Professor Barry Brook spanks the Power down movement as unrealistic below. First of all he updates us on what’s happening in the nuclear renaissance.
Despite what some may like you to believe, the nuclear renaissance is upon us. Don’t let anyone get away with telling you otherwise — they are badly misleading you. Indeed, given that the real-world facts are so readily available, one really does have to wonder how long these ideologues imagine they can pull the wool over the eyes of the public? Do they really care about fixing climate change?
What is happening now
The bastion of atomic energy over the next two decades will be Generation III reactors, despite the enormous medium- to long-term promise of Generation IV (as I recently explained, here). This is not idle speculation -– it is already happening in the world’s fastest-growing economies. At the time of writing this blog post, over 65 of these modern nuclear reactors are under construction (or nearly so). Twenty-three new nuclear power plants are being built in China alone, which is targeting 70 gigawatts of extra nuclear power by 2020. In addition, there are serious plans in China for two sodium-cooled fast reactors (BN-800) of the “Generation IV” design, following the completion of the first Russian unit in 2012 — the sort of reactor that some people think ‘don’t exist’.
How about this for some supporting statistics: 29 new reactors, totalling 26 gigawatts of electricity output (operating at high capacity factors without the need for energy storage/backup), will start operation in 13 different countries in the 2010 — 2012 period – that’s within the next 3 years (average reactor size is 880 MWe). Of course, this new-generation nuclear deployment rate must continue to accelerate if we’re to have any realistic chance of completely replacing fossil fuels by 2050, but it’s a great beginning!
Then his 2nd last paragraph of the book Why V Why then debunks the whole Power down movement.
It’s time to embrace nuclear energy as a core technology in the carbon-free revolution that the world needs to address climate change.

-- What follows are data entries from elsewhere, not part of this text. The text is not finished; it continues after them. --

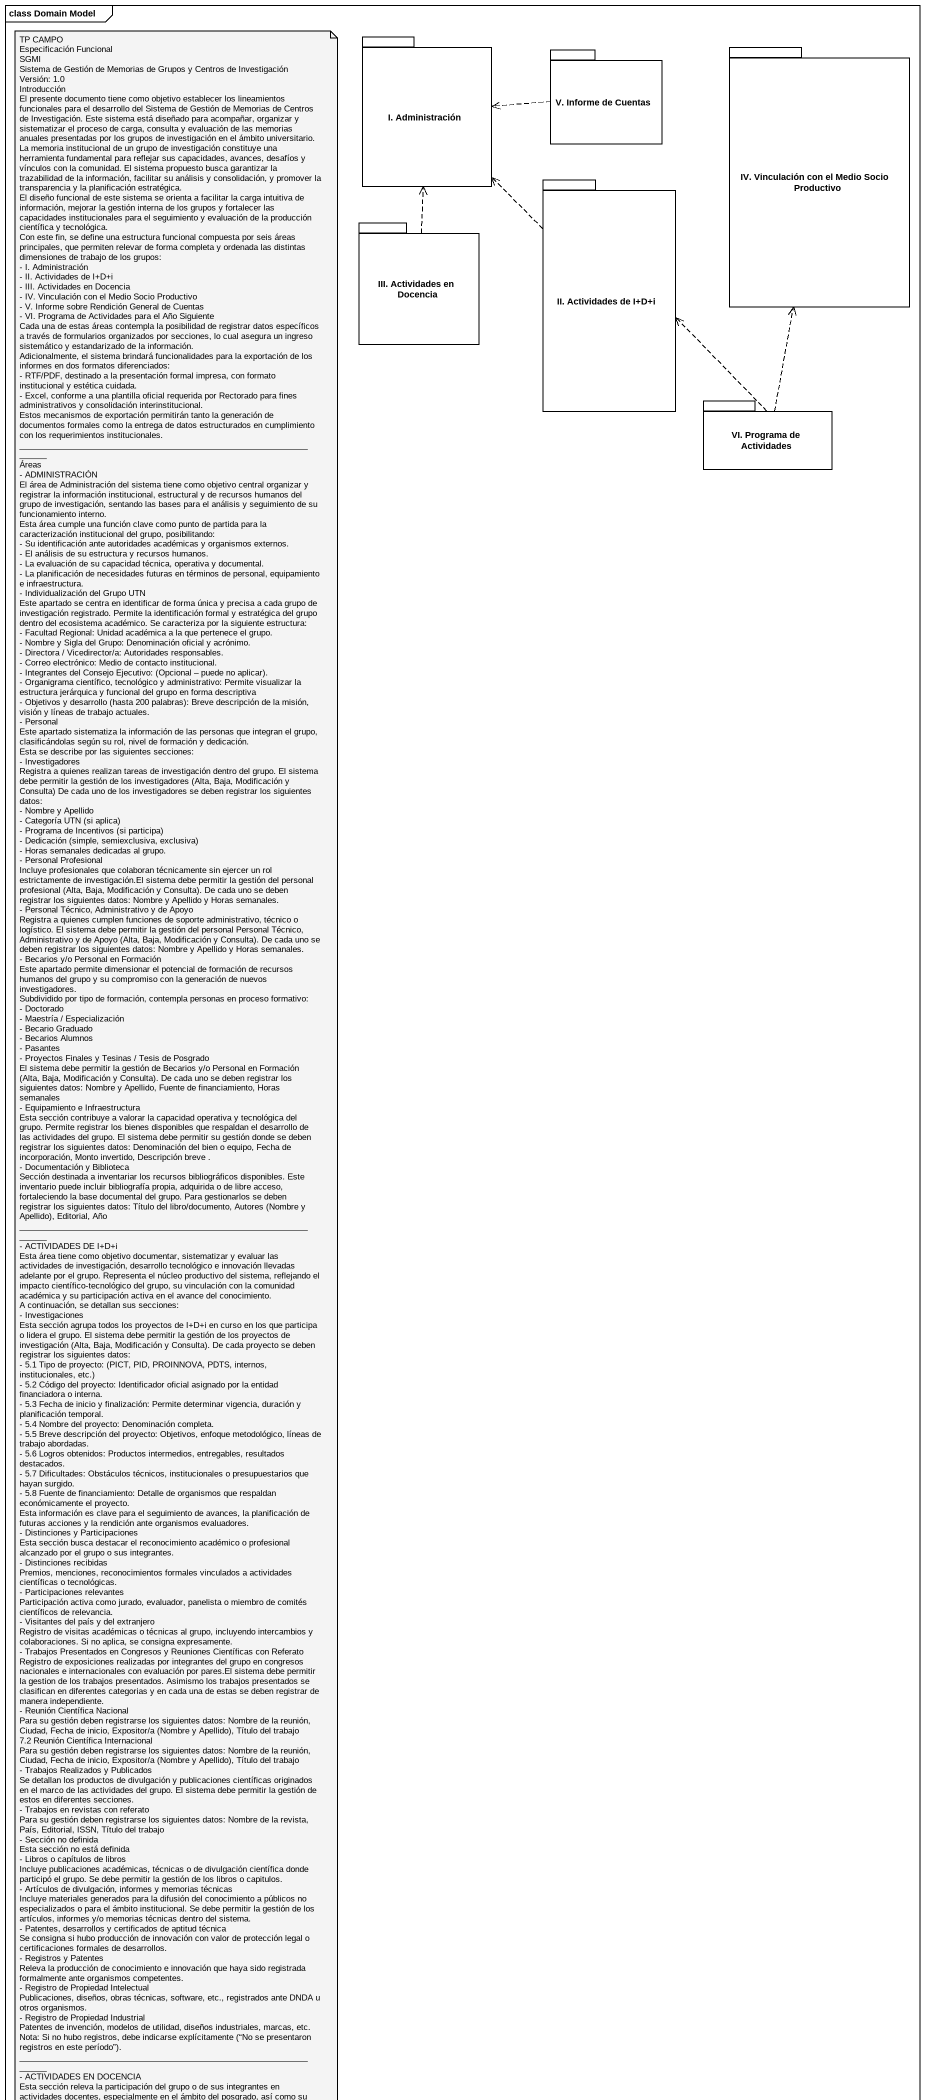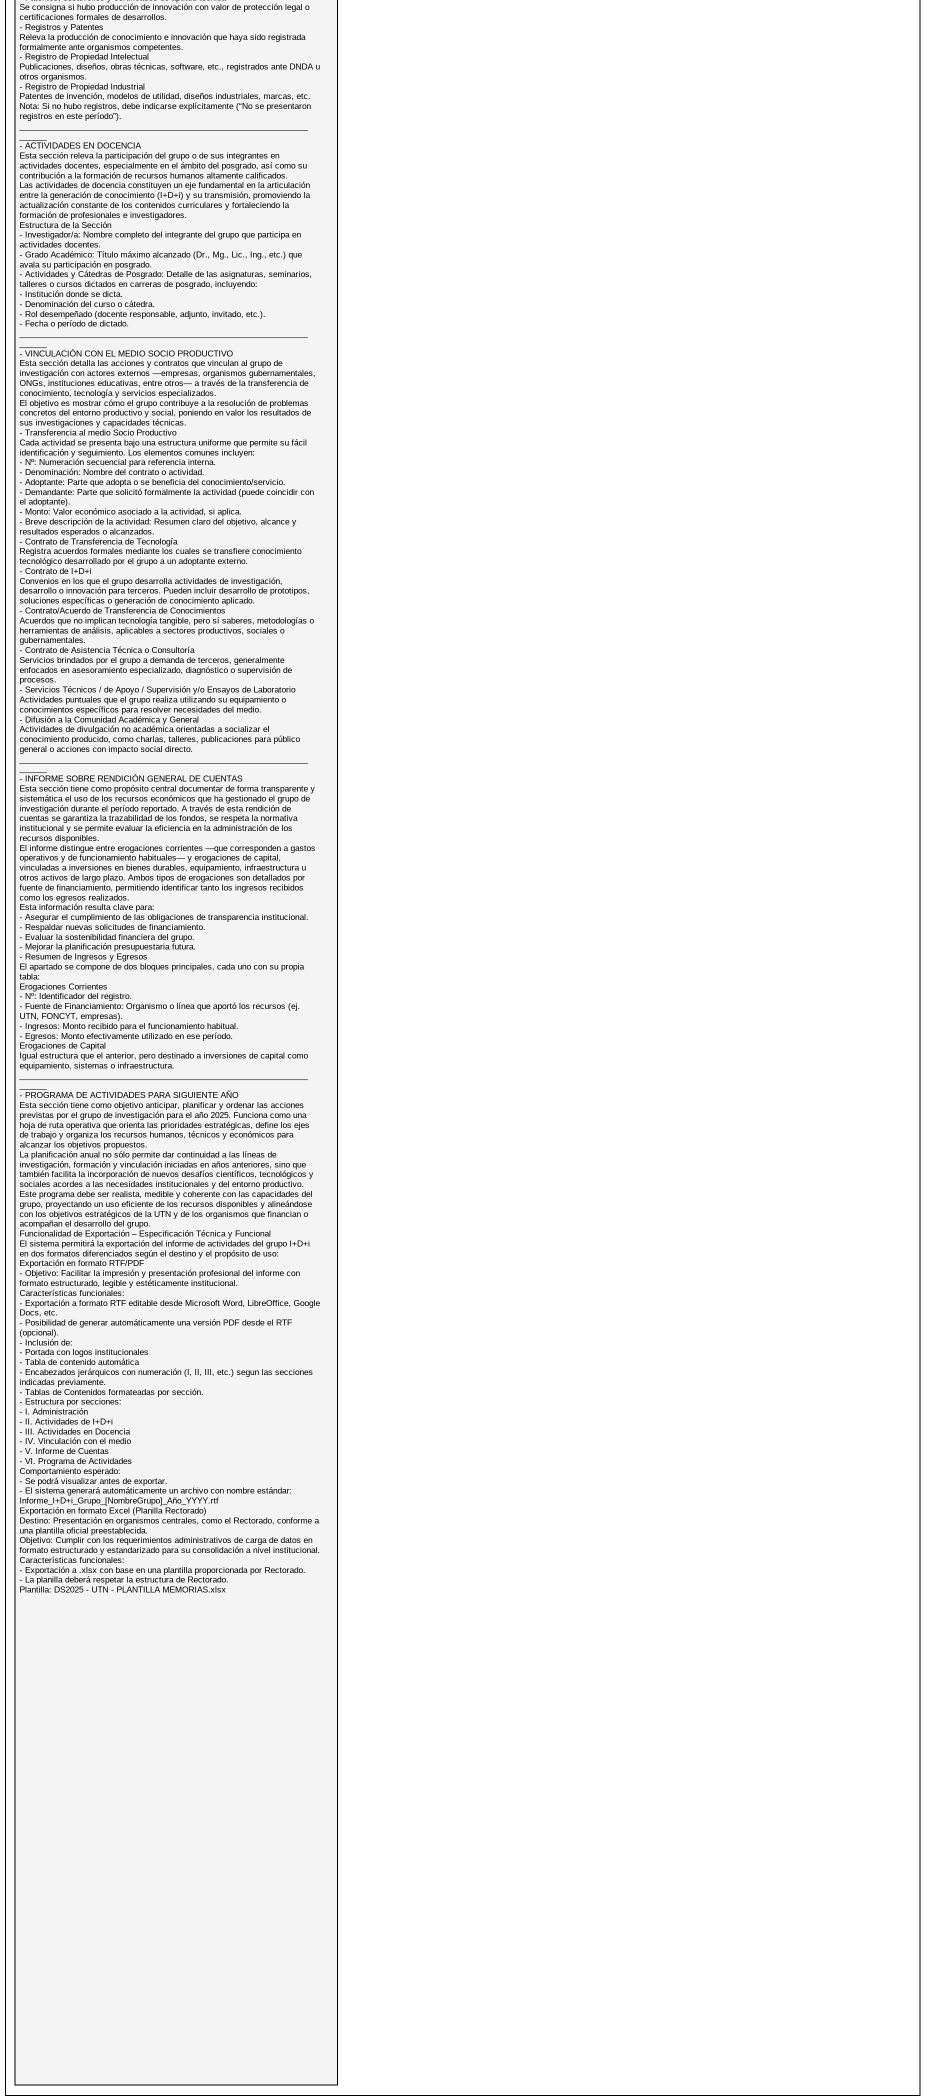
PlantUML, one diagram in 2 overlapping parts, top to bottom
@startuml
mainframe class Domain Model
package "I. Administración" as I_Administración {
}
package "V. Informe de Cuentas" as V_Informe_de_Cuentas {
}
package "IV. Vinculación con el Medio Socio Productivo" as IV_Vinculación_con_el_Medio {
}
package "II. Actividades de I+D+i" as II_Actividades_de_I_D_i {
}
package "III. Actividades en Docencia" as III_Actividades_en_Docencia {
}
package "VI. Programa de Actividades" as VI_Programa_de_Actividades {
}
V_Informe_de_Cuentas .left.> I_Administración
II_Actividades_de_I_D_i .up.> I_Administración
III_Actividades_en_Docencia .up.> I_Administración
VI_Programa_de_Actividades .up.> IV_Vinculación_con_el_Medio
VI_Programa_de_Actividades .up.> II_Actividades_de_I_D_i
note as N1
  TP CAMPO
  Especificación Funcional
  SGMI
  Sistema de Gestión de Memorias de Grupos y Centros de Investigación
  Versión: 1.0
  Introducción
  El presente documento tiene como objetivo establecer los lineamientos funcionales para el desarrollo del Sistema de Gestión de Memorias de Centros de Investigación. Este sistema está diseñado para acompañar, organizar y sistematizar el proceso de carga, consulta y evaluación de las memorias anuales presentadas por los grupos de investigación en el ámbito universitario.
  La memoria institucional de un grupo de investigación constituye una herramienta fundamental para reflejar sus capacidades, avances, desafíos y vínculos con la comunidad. El sistema propuesto busca garantizar la trazabilidad de la información, facilitar su análisis y consolidación, y promover la transparencia y la planificación estratégica.
  El diseño funcional de este sistema se orienta a facilitar la carga intuitiva de información, mejorar la gestión interna de los grupos y fortalecer las capacidades institucionales para el seguimiento y evaluación de la producción científica y tecnológica.
  Con este fin, se define una estructura funcional compuesta por seis áreas principales, que permiten relevar de forma completa y ordenada las distintas dimensiones de trabajo de los grupos:
  - I. Administración
  - II. Actividades de I+D+i
  - III. Actividades en Docencia
  - IV. Vinculación con el Medio Socio Productivo
  - V. Informe sobre Rendición General de Cuentas
  - VI. Programa de Actividades para el Año Siguiente
  Cada una de estas áreas contempla la posibilidad de registrar datos específicos a través de formularios organizados por secciones, lo cual asegura un ingreso sistemático y estandarizado de la información.
  Adicionalmente, el sistema brindará funcionalidades para la exportación de los informes en dos formatos diferenciados:
  - RTF/PDF, destinado a la presentación formal impresa, con formato institucional y estética cuidada.
  - Excel, conforme a una plantilla oficial requerida por Rectorado para fines administrativos y consolidación interinstitucional.
  Estos mecanismos de exportación permitirán tanto la generación de documentos formales como la entrega de datos estructurados en cumplimiento con los requerimientos institucionales.
  ~__~__~__~__~__~__~__~__~__~__~__~__~__~__~__~__~__~__~__~__~__~__~__~__~__~__~__~__~__~__~__~__~__~__~__
  Áreas
  - ADMINISTRACIÓN
  El área de Administración del sistema tiene como objetivo central organizar y registrar la información institucional, estructural y de recursos humanos del grupo de investigación, sentando las bases para el análisis y seguimiento de su funcionamiento interno.
  Esta área cumple una función clave como punto de partida para la caracterización institucional del grupo, posibilitando:
  - Su identificación ante autoridades académicas y organismos externos.
  - El análisis de su estructura y recursos humanos.
  - La evaluación de su capacidad técnica, operativa y documental.
  - La planificación de necesidades futuras en términos de personal, equipamiento e infraestructura.
  - Individualización del Grupo UTN
  Este apartado se centra en identificar de forma única y precisa a cada grupo de investigación registrado. Permite la identificación formal y estratégica del grupo dentro del ecosistema académico. Se caracteriza por la siguiente estructura:
  - Facultad Regional: Unidad académica a la que pertenece el grupo.
  - Nombre y Sigla del Grupo: Denominación oficial y acrónimo.
  - Directora / Vicedirector/a: Autoridades responsables.
  - Correo electrónico: Medio de contacto institucional.
  - Integrantes del Consejo Ejecutivo: (Opcional – puede no aplicar).
  - Organigrama científico, tecnológico y administrativo: Permite visualizar la estructura jerárquica y funcional del grupo en forma descriptiva
  - Objetivos y desarrollo (hasta 200 palabras): Breve descripción de la misión, visión y líneas de trabajo actuales.
  - Personal
  Este apartado sistematiza la información de las personas que integran el grupo, clasificándolas según su rol, nivel de formación y dedicación.
  Esta se describe por las siguientes secciones:
  - Investigadores
  Registra a quienes realizan tareas de investigación dentro del grupo. El sistema debe permitir la gestión de los investigadores (Alta, Baja, Modificación y Consulta) De cada uno de los investigadores se deben registrar los siguientes datos:
  - Nombre y Apellido
  - Categoría UTN (si aplica)
  - Programa de Incentivos (si participa)
  - Dedicación (simple, semiexclusiva, exclusiva)
  - Horas semanales dedicadas al grupo.
  - Personal Profesional
  Incluye profesionales que colaboran técnicamente sin ejercer un rol estrictamente de investigación.El sistema debe permitir la gestión del personal profesional (Alta, Baja, Modificación y Consulta). De cada uno se deben registrar los siguientes datos: Nombre y Apellido y Horas semanales.
  - Personal Técnico, Administrativo y de Apoyo
  Registra a quienes cumplen funciones de soporte administrativo, técnico o logístico. El sistema debe permitir la gestión del personal Personal Técnico, Administrativo y de Apoyo (Alta, Baja, Modificación y Consulta). De cada uno se deben registrar los siguientes datos: Nombre y Apellido y Horas semanales.
  - Becarios y/o Personal en Formación
  Este apartado permite dimensionar el potencial de formación de recursos humanos del grupo y su compromiso con la generación de nuevos investigadores.
  Subdividido por tipo de formación, contempla personas en proceso formativo:
  - Doctorado
  - Maestría / Especialización
  - Becario Graduado
  - Becarios Alumnos
  - Pasantes
  - Proyectos Finales y Tesinas / Tesis de Posgrado
  El sistema debe permitir la gestión de Becarios y/o Personal en Formación (Alta, Baja, Modificación y Consulta). De cada uno se deben registrar los siguientes datos: Nombre y Apellido, Fuente de financiamiento, Horas semanales
  - Equipamiento e Infraestructura
  Esta sección contribuye a valorar la capacidad operativa y tecnológica del grupo. Permite registrar los bienes disponibles que respaldan el desarrollo de las actividades del grupo. El sistema debe permitir su gestión donde se deben registrar los siguientes datos: Denominación del bien o equipo, Fecha de incorporación, Monto invertido, Descripción breve .
  - Documentación y Biblioteca
  Sección destinada a inventariar los recursos bibliográficos disponibles. Este inventario puede incluir bibliografía propia, adquirida o de libre acceso, fortaleciendo la base documental del grupo. Para gestionarlos se deben registrar los siguientes datos: Título del libro/documento, Autores (Nombre y Apellido), Editorial, Año
  ~__~__~__~__~__~__~__~__~__~__~__~__~__~__~__~__~__~__~__~__~__~__~__~__~__~__~__~__~__~__~__~__~__~__~__
  - ACTIVIDADES DE I+D+i
  Esta área tiene como objetivo documentar, sistematizar y evaluar las actividades de investigación, desarrollo tecnológico e innovación llevadas adelante por el grupo. Representa el núcleo productivo del sistema, reflejando el impacto científico-tecnológico del grupo, su vinculación con la comunidad académica y su participación activa en el avance del conocimiento.
  A continuación, se detallan sus secciones:
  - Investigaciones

Many environmentalists believe the best low-carbon solution is for governments to guide us back to simpler, less energy-consuming lives, a vastly less consumer-oriented world. That is unrealistic. The world will continue to need energy, and lots of it. But fossil fuels are not a viable option. Nor are renewables the main answer. There is no single solution, or “silver bullet”, for solving the energy and climate crises, but there are bullets, and they’re made of uranium and thorium, the fuels needed for nuclear plants.
It is advanced nuclear power that provides the technological key to unlocking the awesome potential of these energy metals for the benefit humankind and for the long-term sustainability of our society and the environment on planet Earth.
If that isn’t clear enough, try his summary page on Renewable Limits (where he agrees with Ted Trainer that renewables can’t run the modern world, but as you’ll see below, disagrees with Ted’s conclusions).
3. The developing world lives in Ted Trainer’s power-down society already, and they are going to do everything possible to get the hell out of it. The developed world will fight tooth an nail, and will burn the planet to a soot-laden crisp, rather than embrace Trainer’s simpler way. Power down is a non-solution to the climate and energy crises.
I’m just glad that an outstanding climatologist is finally brave enough to call the environmental and peak oil movement on the way it actually is out there: people want a convenient, modern lifestyle: full stop! I’m just glad we have the technology to give it to them. Caveat: I still think we need a revolution in city planning around New Urbanism principles, and am not arguing for sustaining suburban sprawl or other horrors of today’s era. We can keep the best and chuck the rest. And in our shiny, high-tech new Ecocities and New Urbanist villages, I think the next generation will look back at today’s bland, characterless, socially alienating and car dependent suburban sprawl, and shudder in revulsion.